[Your instructions]
Which lines below contain "styles"? Pull them out.

(Stored data)
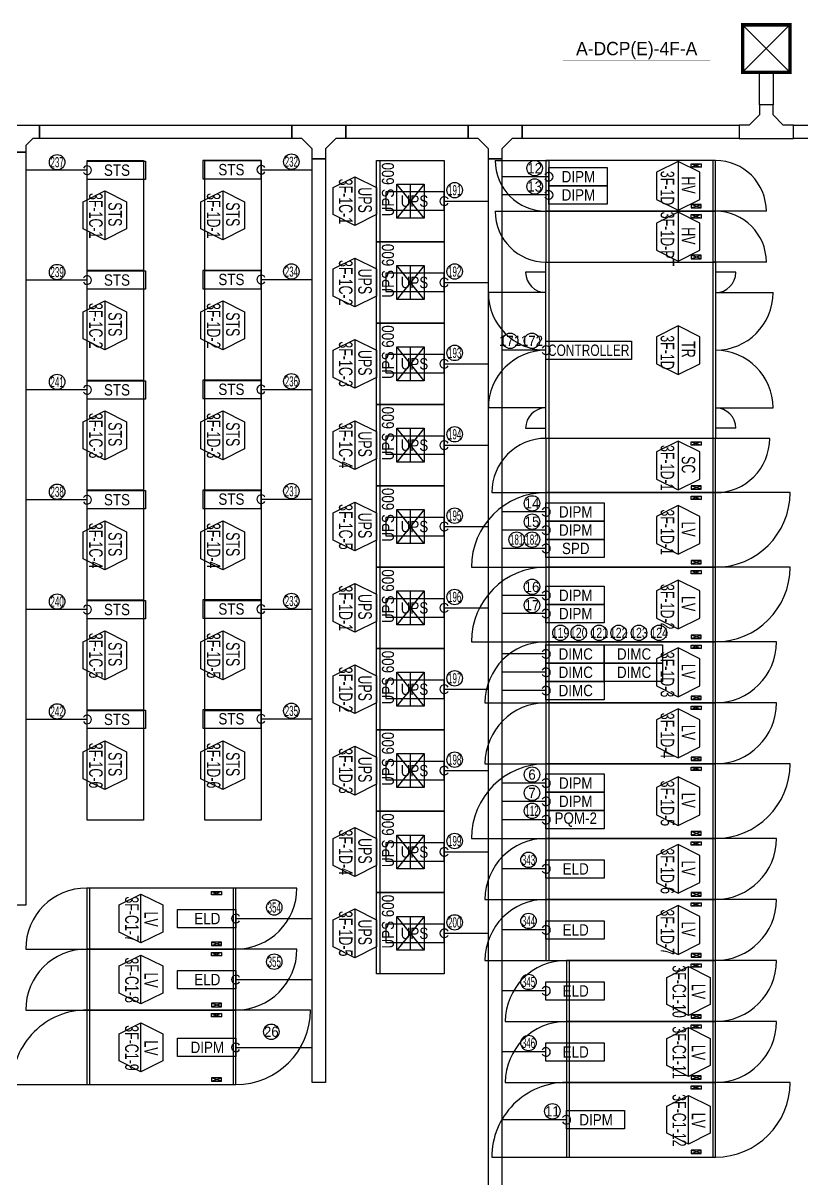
# Model space of a CAD drawing. Header units: millimetres. Extents: x 89450 to 753248, y -530175 to 1209785.
# Drawn here: x 108242 to 119728, y 483883 to 500930 of the extents above; entities that cross this region are included whole.
import ezdxf
from ezdxf.enums import TextEntityAlignment as Align

# ---------------------------------------------------------------- set-up
doc = ezdxf.new("R2010")
doc.units = ezdxf.units.MM
doc.header["$LTSCALE"] = 150
for name, color, linetype in [('------00 Switch Gear', 3, 'Continuous'), ('------00 Switch Gear_Number', 1, 'Continuous'), ('-----29 Indicator', 1, 'Continuous'), ('-----99 EPMS CABLE DUCT', 4, 'Continuous'), ('-----99 EPMS CONDUIT', 4, 'Continuous'), ('-----99 EPMS DEVICE', 3, 'Continuous'), ('-----99 EPMS PNL', 6, 'Continuous')]:
    doc.layers.add(name, color=color, linetype=linetype)
doc.layers.add('NOPLOT', color=191, linetype='Continuous', plot=False)
doc.styles.add('ELEC', font='')
doc.styles.get('ELEC').set_extended_font_data('Dotum')

# ---------------------------------------------------------------- blocks, each defined once
blk = doc.blocks.new('zw$32E')
for p, q in [((100, 0), (0, 0)), ((0, 0), (0, -400)), ((100, -75), (100, 0)), ((175, -150), (100, -75)), ((250, -150), (175, -150)), ((250, -250), (250, -150)), ((100, -325), (175, -250)), ((175, -250), (250, -250)), ((100, -400), (100, -325)), ((0, -400), (100, -400))]:
    blk.add_line(p, q)
blk = doc.blocks.new('STS-R')
at = {"color": 161}
blk.add_lwpolyline([(886994, -128588), (888614, -128588), (888614, -129418), (886994, -129418), (886994, -128588)], dxfattribs=at)
blk = doc.blocks.new('UPS 600kV')
at = {"layer": '------00 Switch Gear', "color": 161}
blk.add_line((800, 850), (-402, 850), dxfattribs=at)
blk.add_lwpolyline([(798, -100), (-402, -100), (-402, 900), (798, 900)], close=True, dxfattribs=at)
at = {"layer": 'NOPLOT', "color": 161}
for p, q in [((-52, 199), (448, 601)), ((448, 199), (-52, 601)), ((-52, 400), (448, 400))]:
    blk.add_line(p, q, dxfattribs=at)
blk.add_lwpolyline([(448, 601), (448, 199), (-52, 199), (-52, 601)], close=True, dxfattribs=at)
at = {"layer": 'NOPLOT', "color": 161, "style": 'ELEC', "width": 0.85}
blk.add_text('UPS 600', height=178.2, dxfattribs=at).set_placement((-26, 731), align=Align.MIDDLE_LEFT)
blk = doc.blocks.new('750X2500')
at = {"layer": '------00 Switch Gear', "color": 161}
for p, q in [((-3250, 750), (-2458, 750)), ((-2460, 750), (-2460, 0)), ((-210, 700), (-360, 650)), ((-360, 700), (-210, 650)), ((-40, 750), (-40, 0)), ((-210, 50), (-360, 100)), ((-360, 50), (-210, 100)), ((750, 0), (-42, 0))]:
    blk.add_line(p, q, dxfattribs=at)
for points in [[(-2500, 750), (-2500, 0), (0, 0), (0, 750)], [(-360, 700), (-210, 700), (-210, 650), (-360, 650)], [(-360, 50), (-210, 50), (-210, 100), (-360, 100)]]:
    blk.add_lwpolyline(points, close=True, dxfattribs=at)
for centre, start, end in [((-2500, 750), 180, 270), ((0, 0), 0, 90)]:
    blk.add_arc(centre, 750, start, end, dxfattribs=at)
blk = doc.blocks.new('800X2500')
at = {"layer": '------00 Switch Gear', "color": 161}
for p, q in [((-2460, 800), (-2460, 0)), ((-210, 750), (-360, 700)), ((-360, 750), (-210, 700)), ((800, 800), (-42, 800)), ((-40, 800), (-40, 0)), ((-3300, 0), (-2458, 0)), ((-210, 50), (-360, 100)), ((-360, 50), (-210, 100))]:
    blk.add_line(p, q, dxfattribs=at)
for points in [[(-2500, 800), (-2500, 0), (0, 0), (0, 800)], [(-360, 750), (-210, 750), (-210, 700), (-360, 700)], [(-360, 50), (-210, 50), (-210, 100), (-360, 100)]]:
    blk.add_lwpolyline(points, close=True, dxfattribs=at)
for centre, start, end in [((-2500, 0), 90, 180), ((0, 800), 270, 0)]:
    blk.add_arc(centre, 800, start, end, dxfattribs=at)
blk = doc.blocks.new('1100X2500')
at = {"layer": '------00 Switch Gear', "color": 161}
for p, q in [((-2460, 1100), (-2460, 0)), ((-210, 1050), (-360, 1000)), ((-360, 1050), (-210, 1000)), ((1100, 1100), (-42, 1100)), ((-40, 1100), (-40, 0)), ((-3600, 0), (-2458, 0)), ((-210, 50), (-360, 100)), ((-360, 50), (-210, 100))]:
    blk.add_line(p, q, dxfattribs=at)
at = {"layer": '------00 Switch Gear', "color": 161, "elevation": 0}
for points in [[(-2500, 1100), (-2500, 0), (0, 0), (0, 1100)], [(-360, 1050), (-210, 1050), (-210, 1000), (-360, 1000)], [(-360, 50), (-210, 50), (-210, 100), (-360, 100)]]:
    blk.add_lwpolyline(points, close=True, dxfattribs=at)
at = {"layer": '------00 Switch Gear', "color": 161}
for centre, start, end in [((-2500, 0), 90, 180), ((0, 1100), 270, 0)]:
    blk.add_arc(centre, 1100, start, end, dxfattribs=at)
blk = doc.blocks.new('900X2500')
at = {"layer": '------00 Switch Gear', "color": 161}
for p, q in [((-2460, 900), (-2460, 0)), ((900, 900), (-42, 900)), ((-40, 900), (-40, 0)), ((-210, 850), (-360, 800)), ((-360, 850), (-210, 800)), ((-3400, 0), (-2458, 0)), ((-210, 50), (-360, 100)), ((-360, 50), (-210, 100))]:
    blk.add_line(p, q, dxfattribs=at)
at = {"layer": '------00 Switch Gear', "color": 161, "elevation": 0}
for points in [[(-2500, 900), (-2500, 0), (0, 0), (0, 900)], [(-360, 850), (-210, 850), (-210, 800), (-360, 800)], [(-360, 50), (-210, 50), (-210, 100), (-360, 100)]]:
    blk.add_lwpolyline(points, close=True, dxfattribs=at)
at = {"layer": '------00 Switch Gear', "color": 161}
for centre, start, end in [((-2500, 0), 90, 180), ((0, 900), 270, 0)]:
    blk.add_arc(centre, 900, start, end, dxfattribs=at)
blk = doc.blocks.new('1100x2200')
at = {"layer": '------00 Switch Gear', "color": 161}
for p, q in [((-2160, 0), (-2160, 1100)), ((-1990, 1050), (-1840, 1000)), ((-1840, 1050), (-1990, 1000)), ((1100, 1100), (-42, 1100)), ((-40, 0), (-40, 1100)), ((-3300, 0), (-2158, 0)), ((-1990, 50), (-1840, 100)), ((-1840, 50), (-1990, 100))]:
    blk.add_line(p, q, dxfattribs=at)
at = {"layer": '------00 Switch Gear', "color": 161, "elevation": 0}
for points in [[(0, 0), (0, 1100), (-2200, 1100), (-2200, 0)], [(-1840, 1050), (-1990, 1050), (-1990, 1000), (-1840, 1000)], [(-1840, 50), (-1990, 50), (-1990, 100), (-1840, 100)]]:
    blk.add_lwpolyline(points, close=True, dxfattribs=at)
at = {"layer": '------00 Switch Gear', "color": 161}
for centre, start, end in [((-2200, 0), 90, 180), ((0, 1100), 270, 0)]:
    blk.add_arc(centre, 1100, start, end, dxfattribs=at)
blk = doc.blocks.new('900x2200')
at = {"layer": '------00 Switch Gear', "color": 161}
for p, q in [((-2160, 900), (-2160, 0)), ((900, 900), (-42, 900)), ((-40, 900), (-40, 0)), ((-210, 850), (-360, 800)), ((-360, 850), (-210, 800)), ((-3100, 0), (-2158, 0)), ((-210, 50), (-360, 100)), ((-360, 50), (-210, 100))]:
    blk.add_line(p, q, dxfattribs=at)
for points in [[(-2200, 900), (-2200, 0), (0, 0), (0, 900)], [(-360, 850), (-210, 850), (-210, 800), (-360, 800)], [(-360, 50), (-210, 50), (-210, 100), (-360, 100)]]:
    blk.add_lwpolyline(points, close=True, dxfattribs=at)
for centre, start, end in [((-2200, 0), 90, 180), ((0, 900), 270, 0)]:
    blk.add_arc(centre, 900, start, end, dxfattribs=at)

msp = doc.modelspace()

# ---------------------------------------------------------------- linework, layer by layer
at = {"layer": '------00 Switch Gear', "color": 161}
for p, q in [((115994, 497405), (115994, 494805)), ((118414, 497405), (118414, 494805)), ((115954, 497255), (115654, 497255)), ((118754, 497255), (118454, 497255)), ((115954, 496955), (115104, 496955)), ((118454, 496955), (119304, 496955)), ((115954, 495255), (115104, 495255)), ((118454, 495255), (119304, 495255)), ((115654, 494955), (115954, 494955)), ((118754, 494955), (118454, 494955))]:
    msp.add_line(p, q, dxfattribs=at)
at = {"layer": '------00 Switch Gear', "color": 161, "elevation": 0}
msp.add_lwpolyline([(118454, 497405), (118454, 494805), (115954, 494805), (115954, 497405)], close=True, dxfattribs=at)
at = {"layer": '------00 Switch Gear', "color": 161}
for centre, radius, start, end in [((115954, 497255), 300, 180, 270), ((118454, 497255), 300, 270, 0), ((115954, 496955), 850, 180, 270), ((118454, 496955), 850, 270, 0), ((115954, 495255), 850, 90, 180), ((118454, 495255), 850, 0, 90), ((115954, 494955), 300, 90, 180), ((118454, 494955), 300, 0, 90)]:
    msp.add_arc(centre, radius, start, end, dxfattribs=at)
at = {"layer": '------00 Switch Gear_Number', "color": 1, "elevation": 0}
for points in [[(117904, 498890), (117904, 498170), (118224, 498330), (118224, 498730), (117904, 498890), (117584, 498730), (117584, 498330), (117904, 498170)], [(113134, 498665), (113134, 497945), (112814, 498105), (112814, 498505), (113134, 498665), (113454, 498505), (113454, 498105), (113134, 497945)], [(109448, 498454), (109448, 497734), (109128, 497894), (109128, 498294), (109448, 498454), (109768, 498294), (109768, 497894), (109448, 497734)], [(111185, 498454), (111185, 497734), (110865, 497894), (110865, 498294), (111185, 498454), (111505, 498294), (111505, 497894), (111185, 497734)], [(117904, 498140), (117904, 497420), (118224, 497580), (118224, 497980), (117904, 498140), (117584, 497980), (117584, 497580), (117904, 497420)], [(113134, 497465), (113134, 496745), (112814, 496905), (112814, 497305), (113134, 497465), (113454, 497305), (113454, 496905), (113134, 496745)], [(109448, 496832), (109448, 496112), (109128, 496272), (109128, 496672), (109448, 496832), (109768, 496672), (109768, 496272), (109448, 496112)], [(111185, 496832), (111185, 496112), (110865, 496272), (110865, 496672), (111185, 496832), (111505, 496672), (111505, 496272), (111185, 496112)], [(117904, 496465), (117904, 495745), (118224, 495905), (118224, 496305), (117904, 496465), (117584, 496305), (117584, 495905), (117904, 495745)], [(113134, 496265), (113134, 495545), (112814, 495705), (112814, 496105), (113134, 496265), (113454, 496105), (113454, 495705), (113134, 495545)], [(109448, 495210), (109448, 494490), (109128, 494650), (109128, 495050), (109448, 495210), (109768, 495050), (109768, 494650), (109448, 494490)], [(111185, 495210), (111185, 494490), (110865, 494650), (110865, 495050), (111185, 495210), (111505, 495050), (111505, 494650), (111185, 494490)], [(113134, 495065), (113134, 494345), (112814, 494505), (112814, 494905), (113134, 495065), (113454, 494905), (113454, 494505), (113134, 494345)], [(117904, 494765), (117904, 494045), (118224, 494205), (118224, 494605), (117904, 494765), (117584, 494605), (117584, 494205), (117904, 494045)], [(113134, 493865), (113134, 493145), (112814, 493305), (112814, 493705), (113134, 493865), (113454, 493705), (113454, 493305), (113134, 493145)], [(117904, 493815), (117904, 493095), (118224, 493255), (118224, 493655), (117904, 493815), (117584, 493655), (117584, 493255), (117904, 493095)], [(109448, 493588), (109448, 492868), (109128, 493028), (109128, 493428), (109448, 493588), (109768, 493428), (109768, 493028), (109448, 492868)], [(111185, 493588), (111185, 492868), (110865, 493028), (110865, 493428), (111185, 493588), (111505, 493428), (111505, 493028), (111185, 492868)], [(113134, 492665), (113134, 491945), (112814, 492105), (112814, 492505), (113134, 492665), (113454, 492505), (113454, 492105), (113134, 491945)], [(117904, 492715), (117904, 491995), (118224, 492155), (118224, 492555), (117904, 492715), (117584, 492555), (117584, 492155), (117904, 491995)], [(109448, 491966), (109448, 491246), (109128, 491406), (109128, 491806), (109448, 491966), (109768, 491806), (109768, 491406), (109448, 491246)], [(111185, 491966), (111185, 491246), (110865, 491406), (110865, 491806), (111185, 491966), (111505, 491806), (111505, 491406), (111185, 491246)], [(117904, 491715), (117904, 490995), (118224, 491155), (118224, 491555), (117904, 491715), (117584, 491555), (117584, 491155), (117904, 490995)], [(113134, 491465), (113134, 490745), (112814, 490905), (112814, 491305), (113134, 491465), (113454, 491305), (113454, 490905), (113134, 490745)], [(117904, 490815), (117904, 490095), (118224, 490255), (118224, 490655), (117904, 490815), (117584, 490655), (117584, 490255), (117904, 490095)], [(109448, 490344), (109448, 489624), (109128, 489784), (109128, 490184), (109448, 490344), (109768, 490184), (109768, 489784), (109448, 489624)], [(111185, 490344), (111185, 489624), (110865, 489784), (110865, 490184), (111185, 490344), (111505, 490184), (111505, 489784), (111185, 489624)], [(113134, 490265), (113134, 489545), (112814, 489705), (112814, 490105), (113134, 490265), (113454, 490105), (113454, 489705), (113134, 489545)], [(117904, 489815), (117904, 489095), (118224, 489255), (118224, 489655), (117904, 489815), (117584, 489655), (117584, 489255), (117904, 489095)], [(113134, 489065), (113134, 488345), (112814, 488505), (112814, 488905), (113134, 489065), (113454, 488905), (113454, 488505), (113134, 488345)], [(117904, 488815), (117904, 488095), (118224, 488255), (118224, 488655), (117904, 488815), (117584, 488655), (117584, 488255), (117904, 488095)], [(117904, 487915), (117904, 487195), (118224, 487355), (118224, 487755), (117904, 487915), (117584, 487755), (117584, 487355), (117904, 487195)], [(113134, 487865), (113134, 487145), (112814, 487305), (112814, 487705), (113134, 487865), (113454, 487705), (113454, 487305), (113134, 487145)]]:
    msp.add_lwpolyline(points, dxfattribs=at)
at = {"layer": '------00 Switch Gear_Number', "elevation": 0}
for points in [[(109980, 487363), (109980, 488083), (110300, 487923), (110300, 487523), (109980, 487363), (109660, 487523), (109660, 487923), (109980, 488083)], [(109980, 486463), (109980, 487183), (110300, 487023), (110300, 486623), (109980, 486463), (109660, 486623), (109660, 487023), (109980, 487183)], [(109980, 485463), (109980, 486183), (110300, 486023), (110300, 485623), (109980, 485463), (109660, 485623), (109660, 486023), (109980, 486183)]]:
    msp.add_lwpolyline(points, dxfattribs=at)
at = {"layer": '------00 Switch Gear_Number'}
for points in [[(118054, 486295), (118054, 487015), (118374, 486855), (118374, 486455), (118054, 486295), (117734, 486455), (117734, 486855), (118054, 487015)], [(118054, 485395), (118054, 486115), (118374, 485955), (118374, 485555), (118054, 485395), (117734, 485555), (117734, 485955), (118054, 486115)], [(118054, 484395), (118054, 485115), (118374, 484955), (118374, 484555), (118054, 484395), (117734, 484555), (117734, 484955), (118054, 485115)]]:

[Task response]
doc.styles.add('ELEC', font='')
doc.styles.get('ELEC').set_extended_font_data('Dotum')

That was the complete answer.